Jack Bienkowski, senior director at Mondelez International – the snacks group spun out of Kraft Foods – said there was a “blurring of the space” between commodities. Trading strategies have evolved in response, in some cases to bundle a position in a few commodities rather than try to neatly hedge the price of, say, wheat.

“You used to have an oilseed trader or a corn guy,” he said. Now, “we look at all of that together”. Managing grain costs is impossible without first looking at energy markets. “Energy to us is the floor,” Mr Bienkowski said.

Andy Milnes, head of oil supply and trading for BP in North and South America, said company analysts are watching not only petroleum fundamentals but Brazilian sugarcane – a source of ethanol fuel. “The market’s definitely way more sophisticated now,” he said.

The complexity complicates the process of matching physical commodities exposures to financial derivatives designed to hedge them. This is especially true with many derivatives migrating from the tailor-made swaps world to more generic futures, speakers said.
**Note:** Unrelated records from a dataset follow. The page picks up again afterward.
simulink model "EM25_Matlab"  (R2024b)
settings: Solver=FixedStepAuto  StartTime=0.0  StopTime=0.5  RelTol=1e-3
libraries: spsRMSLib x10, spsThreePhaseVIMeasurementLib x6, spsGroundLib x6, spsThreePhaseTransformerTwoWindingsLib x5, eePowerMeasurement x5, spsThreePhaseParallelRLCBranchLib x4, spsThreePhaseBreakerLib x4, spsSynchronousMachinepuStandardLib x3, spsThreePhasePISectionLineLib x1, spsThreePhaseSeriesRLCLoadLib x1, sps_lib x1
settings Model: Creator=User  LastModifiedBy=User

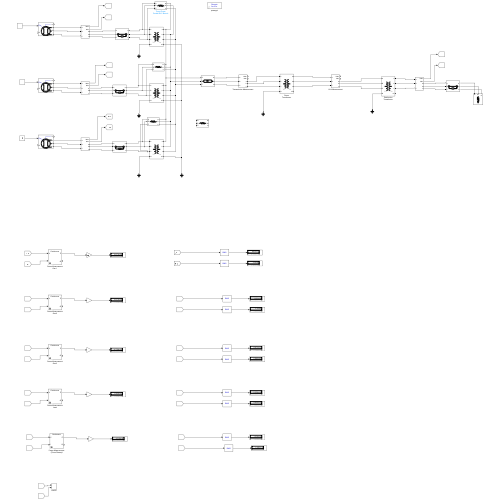
[thumbnail: Simulink's stored preview of the top-level diagram]
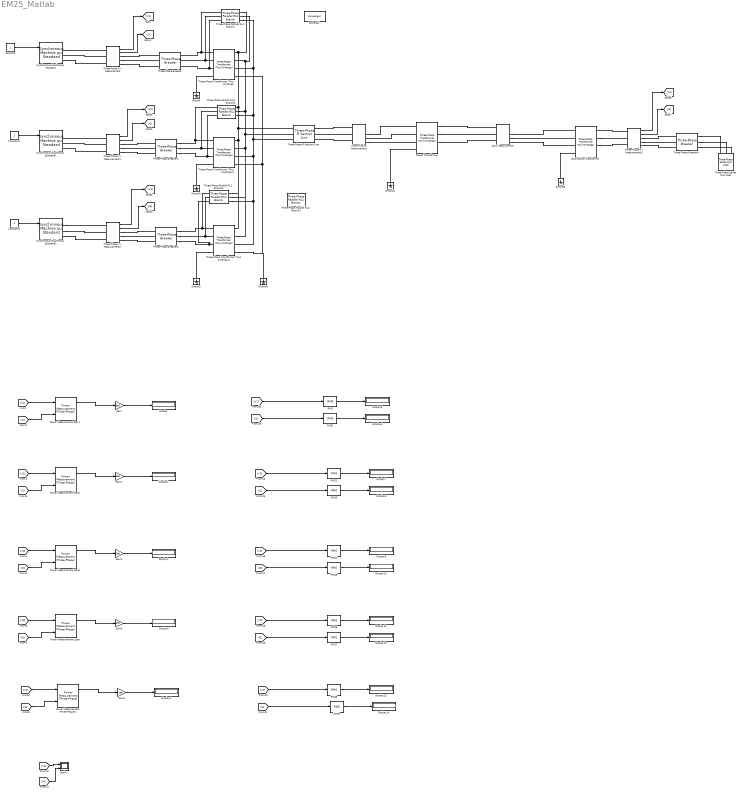
== system EM25_Matlab ==
  11kV Measurement : spsThreePhaseVIMeasurementLib/Three-Phase V-I Measurement  VoltageMeasurement=phase-to-ground  SetLabelV=off  LabelV=Vabc  Vpu=off  VpuLL=off  CurrentMeasurement=yes  SetLabelI=off  LabelI=Iabc  Ipu=off  Pbase=100e6  Vbase=500e3  OutputType=Complex  PhasorSimulation=off  PSBequivalent=0
  Constant : Constant
  Constant1 : Constant
  Constant2 : Constant
  Display{,1..14} (15 alike) : Display
  Distribution Transformer : spsThreePhaseTransformerTwoWindingsLib/Three-Phase Transformer (Two Windings)  Winding1Connection=Yn  Winding2Connection=Yn  CoreType=Three single-phase transformers  SetSaturation=off  Hysteresis=off  DataFile='hysteresis'  SetInitialFlux=off  Measurements=None  UNITS=pu  NominalPower=[ 3e6 , 50 ]  Winding1=[ 11000 , 0.01 , 0.05 ]  Winding2=[ 400 , 0.01 , 0.05 ]  Rm=500  Lm=500  L0=0.5  Saturation=[ 0,0 ; 0.0024,1.2 ; 1.0,1.52 ]  InitialFluxes=[ 0.8 , -0.8 , 0.7 ]  BreakLoop=off  DiscreteSolver=Trapezoidal iterative  DataType=off  TransfoNumber=1
  Gain{,1..4} (5 alike) : Gain  Gain=1e6
  Ground{,1..5} (6 alike) : spsGroundLib/Ground  LConnTagsString=a
  Power Transformer : spsThreePhaseTransformerTwoWindingsLib/Three-Phase Transformer (Two Windings)  Winding1Connection=Yn  Winding2Connection=Yn  CoreType=Three single-phase transformers  SetSaturation=off  Hysteresis=off  DataFile='hysteresis'  SetInitialFlux=off  Measurements=None  UNITS=pu  NominalPower=[ 10e6 , 50 ]  Winding1=[ 132000 , 0.002 , 0.08 ]  Winding2=[ 11000 , 0.002 , 0.08 ]  Rm=500  Lm=500  L0=0.5  Saturation=[ 0,0 ; 0.0024,1.2 ; 1.0,1.52 ]  InitialFluxes=[ 0.8 , -0.8 , 0.7 ]  BreakLoop=off  DiscreteSolver=Trapezoidal iterative  DataType=off  TransfoNumber=1
  Power Measurement (Three-Phase)4 : eePowerMeasurement/Power Measurement (Three-Phase)  LabelModeActiveChoice=Continuous  F=50  K=[0 1 2 3]  Seq=Positive  Ts=0
  Power Measurement Gen 1 : eePowerMeasurement/Power Measurement (Three-Phase)  LabelModeActiveChoice=Continuous  F=50  K=[0 1 2 3]  Seq=Positive  Ts=0
  Power Measurement Gen2 : eePowerMeasurement/Power Measurement (Three-Phase)  LabelModeActiveChoice=Continuous  F=50  K=[0 1 2 3]  Seq=Positive  Ts=0
  Power Measurement Gen3 : eePowerMeasurement/Power Measurement (Three-Phase)  LabelModeActiveChoice=Continuous  F=50  K=[0 1 2 3]  Seq=Positive  Ts=0
  Power Measurement Load : eePowerMeasurement/Power Measurement (Three-Phase)  LabelModeActiveChoice=Continuous  F=50  K=[0 1 2 3]  Seq=Positive  Ts=0
  RMS{,1..9} (10 alike) : spsRMSLib/RMS  TrueRMS=on  Freq=60  RMSInit=120  Ts=0
  Synchronous Machine pu Standard : spsSynchronousMachinepuStandardLib/Synchronous Machine pu Standard  PresetModel=No  MechanicalLoad=Mechanical power Pm  ShowDetailedParameters=on  RotorType=Round  Units=per unit standard parameters  MeasurementBus=off  NominalParameters=[1e6 11000 50]  Reactances1=[ 1.81, 0.3, 0.23, 1.76, 0.65, 0.25, 0.15 ]  Reactances2=[2.24 0.17 0.12 1.02 0.13 0.08]  dAxisTimeConstants=Short-circuit  qAxisTimeConstants=Short-circuit  TimeConstants1="[ 4.4849  0.0681  0.1  ]"  TimeConstants2=[ 8.0, 0.03, 1.0, 0.07 ]  TimeConstants3="[  4.49  0.0681  0.0513  ]"  TimeConstants4=[ 8.0, 0.03, 0.3371, 0.0295 ]  TimeConstants5=[ 1.01, 0.053, 0.1 ]  TimeConstants6=[ 1.3201, 0.023, 1.0, 0.07 ]  TimeConstants7=[0.012 0.003 0.003]  TimeConstants8=[ 1.3201, 0.0231, 0.3371, 0.0295 ]  StatorResistance=0.005  Mechanical=[3 0.01 2]  PolePairs=20  InitialConditions="[ 0  0  0  0  0  0  0  0  1 ]"  SetSaturation=off  Saturation=[0.6404,0.7127,0.8441,0.9214,0.9956,1.082,1.19,1.316,1.457;0.7,0.7698,0.8872,0.9466,0.9969,1.046,1.1,1.151,1.201]  LoadFlowParameters=[1,0,0,0,0]  TsPowergui=0  TsBlock=-1  IterativeModel=Trapezoidal non iterative  IterativeDiscreteModel=Trapezoidal non iterative  BusType=PV  Pref=0  Qref=0  Qmin=-inf  Qmax=inf  PLF=0  QLF=0
  Synchronous Machine pu Standard1 : spsSynchronousMachinepuStandardLib/Synchronous Machine pu Standard  PresetModel=No  MechanicalLoad=Mechanical power Pm  ShowDetailedParameters=on  RotorType=Round  Units=per unit standard parameters  MeasurementBus=off  NominalParameters=[2e6 12000 50]  Reactances1=[ 1.81, 0.3, 0.23, 1.76, 0.65, 0.25, 0.15 ]  Reactances2=[2.24 0.17 0.12 1.02 0.13 0.08]  dAxisTimeConstants=Short-circuit  qAxisTimeConstants=Short-circuit  TimeConstants1="[ 4.4849  0.0681  0.1  ]"  TimeConstants2=[ 8.0, 0.03, 1.0, 0.07 ]  TimeConstants3="[  4.49  0.0681  0.0513  ]"  TimeConstants4=[ 8.0, 0.03, 0.3371, 0.0295 ]  TimeConstants5=[ 1.01, 0.053, 0.1 ]  TimeConstants6=[ 1.3201, 0.023, 1.0, 0.07 ]  TimeConstants7=[0.012 0.003 0.003]  TimeConstants8=[ 1.3201, 0.0231, 0.3371, 0.0295 ]  StatorResistance=0.005  Mechanical=[3 0.01 2]  PolePairs=20  InitialConditions="[ 0  0  0  0  0  0  0  0  1 ]"  SetSaturation=off  Saturation=[0.6404,0.7127,0.8441,0.9214,0.9956,1.082,1.19,1.316,1.457;0.7,0.7698,0.8872,0.9466,0.9969,1.046,1.1,1.151,1.201]  LoadFlowParameters=[1,0,0,0,0]  TsPowergui=0  TsBlock=-1  IterativeModel=Trapezoidal non iterative  IterativeDiscreteModel=Trapezoidal non iterative  BusType=PV  Pref=0  Qref=0  Qmin=-inf  Qmax=inf  PLF=0  QLF=0
  Synchronous Machine pu Standard2 : spsSynchronousMachinepuStandardLib/Synchronous Machine pu Standard  PresetModel=No  MechanicalLoad=Mechanical power Pm  ShowDetailedParameters=on  RotorType=Round  Units=per unit standard parameters  MeasurementBus=off  NominalParameters=[4e6 10000 50]  Reactances1=[ 1.81, 0.3, 0.23, 1.76, 0.65, 0.25, 0.15 ]  Reactances2=[2.24 0.17 0.12 1.02 0.13 0.08]  dAxisTimeConstants=Short-circuit  qAxisTimeConstants=Short-circuit  TimeConstants1="[ 4.4849  0.0681  0.1  ]"  TimeConstants2=[ 8.0, 0.03, 1.0, 0.07 ]  TimeConstants3="[  4.49  0.0681  0.0513  ]"  TimeConstants4=[ 8.0, 0.03, 0.3371, 0.0295 ]  TimeConstants5=[ 1.01, 0.053, 0.1 ]  TimeConstants6=[ 1.3201, 0.023, 1.0, 0.07 ]  TimeConstants7=[0.012 0.003 0.003]  TimeConstants8=[ 1.3201, 0.0231, 0.3371, 0.0295 ]  StatorResistance=0.005  Mechanical=[3 0.01 2]  PolePairs=20  InitialConditions="[ 0  0  0  0  0  0  0  0  1 ]"  SetSaturation=off  Saturation=[0.6404,0.7127,0.8441,0.9214,0.9956,1.082,1.19,1.316,1.457;0.7,0.7698,0.8872,0.9466,0.9969,1.046,1.1,1.151,1.201]  LoadFlowParameters=[1,0,0,0,0]  TsPowergui=0  TsBlock=-1  IterativeModel=Trapezoidal non iterative  IterativeDiscreteModel=Trapezoidal non iterative  BusType=PV  Pref=0  Qref=0  Qmin=-inf  Qmax=inf  PLF=0  QLF=0
  Three-Phase PI Section Line : spsThreePhasePISectionLineLib/Three-Phase PI Section Line  LConnTagsString=a|b|c  RConnTagsString=A|B|C  Length=50  Frequency=50  Resistances=[ 0.05 0.15]  Inductances="[ 1e-3  3e-3]"  Capacitances=[1e-8 5e-9]
  Three-Phase Parallel RLC Branch{,1..3} (4 alike) : spsThreePhaseParallelRLCBranchLib/Three-Phase Parallel RLC Branch  LConnTagsString=A|B|C  RConnTagsString=A|B|C  BranchType=R  Resistance=1E6  Inductance=0  Capacitance=0  Measurements=None
  Three-Phase Series RLC Load : spsThreePhaseSeriesRLCLoadLib/Three-Phase Series RLC Load  LConnTagsString=A|B|C  Configuration=Y (grounded)  NominalVoltage=400  Vabc=[1e3 1e3 1e3]  Vabcp=[1e3 1e3 1e3]  NominalFrequency=50  UnbalancedPower=off  ActivePower=2e6  InductivePower=0  CapacitivePower=0  Pabc=[10e3 9e3 11e3]  QLabc=[100 90 110]  QCabc=[100 90 110]  Pabcp=[10e3 9e3 11e3]  QLabcp=[100 90 110]  QCabcp=[100 90 110]  Measurements=None  LoadType=constant Z
  Three-Phase Transformer (Two Windings) : spsThreePhaseTransformerTwoWindingsLib/Three-Phase Transformer (Two Windings)  Winding1Connection=Yn  Winding2Connection=Yn  CoreType=Three single-phase transformers  SetSaturation=off  Hysteresis=off  DataFile='hysteresis'  SetInitialFlux=off  Measurements=None  UNITS=pu  NominalPower=[ 1e6 , 50 ]  Winding1=[ 11000 , 0.002 , 0.08 ]  Winding2=[ 132000 , 0.002 , 0.08 ]  Rm=500  Lm=500  L0=0.5  Saturation=[ 0,0 ; 0.0024,1.2 ; 1.0,1.52 ]  InitialFluxes=[ 0.8 , -0.8 , 0.7 ]  BreakLoop=off  DiscreteSolver=Trapezoidal iterative  DataType=off  TransfoNumber=1
  Three-Phase Transformer (Two Windings)1 : spsThreePhaseTransformerTwoWindingsLib/Three-Phase Transformer (Two Windings)  Winding1Connection=Yn  Winding2Connection=Yn  CoreType=Three single-phase transformers  SetSaturation=off  Hysteresis=off  DataFile='hysteresis'  SetInitialFlux=off  Measurements=None  UNITS=pu  NominalPower=[ 2e6 , 50 ]  Winding1=[ 12000 , 0.002 , 0.08 ]  Winding2=[ 132000 , 0.002 , 0.08 ]  Rm=500  Lm=500  L0=0.5  Saturation=[ 0,0 ; 0.0024,1.2 ; 1.0,1.52 ]  InitialFluxes=[ 0.8 , -0.8 , 0.7 ]  BreakLoop=off  DiscreteSolver=Trapezoidal iterative  DataType=off  TransfoNumber=1
  Three-Phase Transformer (Two Windings)2 : spsThreePhaseTransformerTwoWindingsLib/Three-Phase Transformer (Two Windings)  Winding1Connection=Yn  Winding2Connection=Yn  CoreType=Three single-phase transformers  SetSaturation=off  Hysteresis=off  DataFile='hysteresis'  SetInitialFlux=off  Measurements=None  UNITS=pu  NominalPower=[ 4e6 , 50 ]  Winding1=[ 10000 , 0.002 , 0.08 ]  Winding2=[ 132000 , 0.002 , 0.08 ]  Rm=500  Lm=500  L0=0.5  Saturation=[ 0,0 ; 0.0024,1.2 ; 1.0,1.52 ]  InitialFluxes=[ 0.8 , -0.8 , 0.7 ]  BreakLoop=off  DiscreteSolver=Trapezoidal iterative  DataType=off  TransfoNumber=1
  Three-Phase V-I Measurement{,1..3} (4 alike) : spsThreePhaseVIMeasurementLib/Three-Phase V-I Measurement  VoltageMeasurement=phase-to-ground  SetLabelV=off  LabelV=Vabc  Vpu=off  VpuLL=off  CurrentMeasurement=yes  SetLabelI=off  LabelI=Iabc  Ipu=off  Pbase=100e6  Vbase=500e3  OutputType=Complex  PhasorSimulation=off  PSBequivalent=0
  Three-Phase Breaker{,1..2,4} (4 alike) : spsThreePhaseBreakerLib/Three-Phase Breaker  InitialState=closed  SwitchA=on  SwitchB=on  SwitchC=on  SwitchTimes="[1/60  5/60]"  External=off  BreakerResistance=0.001  SnubberResistance=1e5  SnubberCapacitance=inf  Measurements=None
  Transmission Measurement : spsThreePhaseVIMeasurementLib/Three-Phase V-I Measurement  VoltageMeasurement=phase-to-ground  SetLabelV=off  LabelV=Vabc  Vpu=off  VpuLL=off  CurrentMeasurement=yes  SetLabelI=off  LabelI=Iabc  Ipu=off  Pbase=100e6  Vbase=500e3  OutputType=Complex  PhasorSimulation=off  PSBequivalent=0
  load VI : Scope  NumInputPorts=2
  powergui : sps_lib/powergui  Priority=1  SimulationMode=Discrete  SampleTime=50e-6  frequency=60  Iterations=50  frequencyindice=50  Pbase=100e6  ErrMax=1e-4  UnitsV=kV  UnitsW=MW  buscounter=0  FunctionMessages=off  echomessages=off  EnableUseOfTLC=off  CurrentSourceSwitches=off  DisableSnubberDevices=off  DisableRonSwitches=off  DisableVfSwitches=off  DisplayEquations=off  AutomaticDiscreteSolvers=off  SolverType=Tustin/Backward Euler (TBE)  Interpol=off  ExternalGateDelay=off  methode=off  Ts=100  x0status=blocks  SPID=on  SwTol=0  HookPort=off  NonlinearTolerance=1e-4  nMaxIteration=100  ContinueOnMaxIteration=off  RestoreLinks=warning  ResistiveCurrentMeasurement=off  Frange=[0:2:500]  Ylog=off  Xlog=on  ShowGrid=off  save=off  variable=ZData  structure=0  ZoomFFT=off  StartTime=0.0  cycles=1  DisplayStyle=1  fundamental=60  FreqAxis=off  MaxFrequency=1000  frequencyindicesteady=1  RmsSteady=1  display=off
  wires:
  Constant/1 -> Synchronous Machine pu Standard/1
  Constant1/1 -> Synchronous Machine pu Standard1/1
  Constant2/1 -> Synchronous Machine pu Standard2/1
  Three-Phase V-I Measurement/1 -> [V1]
  Three-Phase V-I Measurement/2 -> [I1]
  Three-Phase V-I Measurement1/1 -> [V2]
  Three-Phase V-I Measurement1/2 -> [I2]
  Three-Phase V-I Measurement2/1 -> [V3]
  Three-Phase V-I Measurement2/2 -> [I3]
  [V1] -> Power Measurement Gen 1/1
  [I1] -> Power Measurement Gen 1/2
  Power Measurement Gen 1/1 -> Gain/1
  Gain/1 -> Display/1
  [V1] -> Power Measurement Gen2/1
  [I1] -> Power Measurement Gen2/2
  Gain1/1 -> Display1/1
  Power Measurement Gen2/1 -> Gain1/1
  [V2] -> Power Measurement Gen3/1
  [I2] -> Power Measurement Gen3/2
  Gain2/1 -> Display2/1
  Power Measurement Gen3/1 -> Gain2/1
  [V3] -> Power Measurement Load/1
  [I3] -> Power Measurement Load/2
  Gain3/1 -> Display3/1
  Power Measurement Load/1 -> Gain3/1
  [V4] -> Power Measurement (Three-Phase)4/1
  [I4] -> Power Measurement (Three-Phase)4/2
  Gain4/1 -> Display4/1
  Power Measurement (Three-Phase)4/1 -> Gain4/1
  Three-Phase V-I Measurement3/1 -> [V4]
  Three-Phase V-I Measurement3/2 -> [I4]
  [V4] -> load VI/1
  [I4] -> load VI/2
  [V1] -> RMS/1
  RMS/1 -> Display5/1
  [I1] -> RMS1/1
  RMS1/1 -> Display6/1
  [V1] -> RMS2/1
  RMS2/1 -> Display7/1
  [I1] -> RMS3/1
  RMS3/1 -> Display8/1
  [V2] -> RMS4/1
  RMS4/1 -> Display9/1
  [I2] -> RMS5/1
  RMS5/1 -> Display10/1
  [V3] -> RMS6/1
  RMS6/1 -> Display11/1
  [I3] -> RMS7/1
  RMS7/1 -> Display12/1
  RMS8/1 -> Display13/1
  [V4] -> RMS8/1
  [I4] -> RMS9/1
  RMS9/1 -> Display14/1
  connections:
  Three-Phase V-I Measurement/LConn2 -- Synchronous Machine pu Standard/RConn2
  Synchronous Machine pu Standard/RConn3 -- Three-Phase V-I Measurement/LConn3
  Synchronous Machine pu Standard/RConn1 -- Three-Phase V-I Measurement/LConn1
  Three-Phase V-I Measurement/RConn1 -- Three-Phase Breaker/LConn1
  Three-Phase Transformer (Two Windings)/LConn4 -- Ground/LConn1
  Three-Phase V-I Measurement1/LConn1 -- Synchronous Machine pu Standard1/RConn1
  Three-Phase V-I Measurement1/LConn2 -- Synchronous Machine pu Standard1/RConn2
  Three-Phase V-I Measurement1/LConn3 -- Synchronous Machine pu Standard1/RConn3
  Synchronous Machine pu Standard2/RConn1 -- Three-Phase V-I Measurement2/LConn1
  Synchronous Machine pu Standard2/RConn2 -- Three-Phase V-I Measurement2/LConn2
  Synchronous Machine pu Standard2/RConn3 -- Three-Phase V-I Measurement2/LConn3
  Three-Phase V-I Measurement1/RConn1 -- Three-Phase Breaker1/LConn1
  Three-Phase V-I Measurement1/RConn2 -- Three-Phase Breaker1/LConn2
  Three-Phase V-I Measurement1/RConn3 -- Three-Phase Breaker1/LConn3
  Three-Phase V-I Measurement2/RConn1 -- Three-Phase Breaker2/LConn1
  Three-Phase V-I Measurement2/RConn2 -- Three-Phase Breaker2/LConn2
  Three-Phase V-I Measurement2/RConn3 -- Three-Phase Breaker2/LConn3
  Three-Phase Transformer (Two Windings)1/LConn4 -- Ground1/LConn1
  Three-Phase Transformer (Two Windings)2/LConn4 -- Ground2/LConn1
  Three-Phase Transformer (Two Windings)/RConn1 -- Three-Phase Parallel RLC Branch/RConn1 -- Three-Phase Parallel RLC Branch2/RConn1 -- Three-Phase PI Section Line/LConn1 -- Three-Phase Parallel RLC Branch3/RConn1 -- Three-Phase Transformer (Two Windings)2/RConn1 -- Three-Phase Transformer (Two Windings)1/RConn1
  Three-Phase Transformer (Two Windings)/RConn2 -- Three-Phase Parallel RLC Branch/RConn2 -- Three-Phase Parallel RLC Branch2/RConn2 -- Three-Phase PI Section Line/LConn2 -- Three-Phase Parallel RLC Branch3/RConn2 -- Three-Phase Transformer (Two Windings)2/RConn2 -- Three-Phase Transformer (Two Windings)1/RConn2
  Three-Phase Transformer (Two Windings)/RConn3 -- Three-Phase Parallel RLC Branch/RConn3 -- Three-Phase Parallel RLC Branch2/RConn3 -- Three-Phase PI Section Line/LConn3 -- Three-Phase Transformer (Two Windings)1/RConn3 -- Three-Phase Transformer (Two Windings)2/RConn3 -- Three-Phase Parallel RLC Branch3/RConn3
  Three-Phase Transformer (Two Windings)/RConn4 -- Ground3/LConn1 -- Three-Phase Transformer (Two Windings)2/RConn4 -- Three-Phase Transformer (Two Windings)1/RConn4
  Three-Phase PI Section Line/RConn1 -- Transmission Measurement/LConn1
  Transmission Measurement/LConn2 -- Three-Phase PI Section Line/RConn2
  Transmission Measurement/LConn3 -- Three-Phase PI Section Line/RConn3
  Power Transformer/LConn2 -- Transmission Measurement/RConn2
  Transmission Measurement/RConn1 -- Power Transformer/LConn1
  Transmission Measurement/RConn3 -- Power Transformer/LConn3
  Power Transformer/RConn1 -- 11kV Measurement/LConn1
  Power Transformer/RConn2 -- 11kV Measurement/LConn2
  Power Transformer/RConn3 -- 11kV Measurement/LConn3
  Ground4/LConn1 -- Power Transformer/LConn4
  11kV Measurement/RConn1 -- Distribution Transformer/LConn1
  11kV Measurement/RConn2 -- Distribution Transformer/LConn2
  11kV Measurement/RConn3 -- Distribution Transformer/LConn3
  Three-Phase V-I Measurement3/LConn1 -- Distribution Transformer/RConn1
  Distribution Transformer/RConn2 -- Three-Phase V-I Measurement3/LConn2
  Distribution Transformer/RConn3 -- Three-Phase V-I Measurement3/LConn3
  Ground5/LConn1 -- Distribution Transformer/LConn4
  Three-Phase V-I Measurement3/RConn1 -- Three-Phase Breaker4/LConn1
  Three-Phase V-I Measurement3/RConn2 -- Three-Phase Breaker4/LConn2
  Three-Phase V-I Measurement3/RConn3 -- Three-Phase Breaker4/LConn3
  Three-Phase V-I Measurement/RConn2 -- Three-Phase Breaker/LConn2
  Three-Phase V-I Measurement/RConn3 -- Three-Phase Breaker/LConn3
  Three-Phase Transformer (Two Windings)/LConn1 -- Three-Phase Parallel RLC Branch/LConn1 -- Three-Phase Breaker/RConn1
  Three-Phase Transformer (Two Windings)/LConn2 -- Three-Phase Parallel RLC Branch/LConn2 -- Three-Phase Breaker/RConn2
  Three-Phase Transformer (Two Windings)/LConn3 -- Three-Phase Parallel RLC Branch/LConn3 -- Three-Phase Breaker/RConn3
  Three-Phase Breaker1/RConn1 -- Three-Phase Parallel RLC Branch2/LConn1 -- Three-Phase Transformer (Two Windings)1/LConn1
  Three-Phase Breaker1/RConn2 -- Three-Phase Parallel RLC Branch2/LConn2 -- Three-Phase Transformer (Two Windings)1/LConn2
  Three-Phase Breaker1/RConn3 -- Three-Phase Parallel RLC Branch2/LConn3 -- Three-Phase Transformer (Two Windings)1/LConn3
  Three-Phase Breaker2/RConn1 -- Three-Phase Parallel RLC Branch3/LConn1 -- Three-Phase Transformer (Two Windings)2/LConn1
  Three-Phase Breaker2/RConn2 -- Three-Phase Parallel RLC Branch3/LConn2 -- Three-Phase Transformer (Two Windings)2/LConn2
  Three-Phase Breaker2/RConn3 -- Three-Phase Parallel RLC Branch3/LConn3 -- Three-Phase Transformer (Two Windings)2/LConn3
  Three-Phase Breaker4/RConn1 -- Three-Phase Series RLC Load/LConn1
  Three-Phase Breaker4/RConn2 -- Three-Phase Series RLC Load/LConn2
  Three-Phase Breaker4/RConn3 -- Three-Phase Series RLC Load/LConn3

The blurring of commodities positions also makes it tougher for companies to prove they are genuinely hedging as they seek exemptions from new US rules limiting commodity speculation. The rules are on hold pending a court appeal.

Lance Kotschwar, senior counsel at Gavilon, the US-based commodities merchant, said that as for “this notion that there’s a direct tie between a physical position and a derivatives position . . . It doesn’t work that way. We’re never perfectly hedged.”

It all made simulated oil-trading look easy.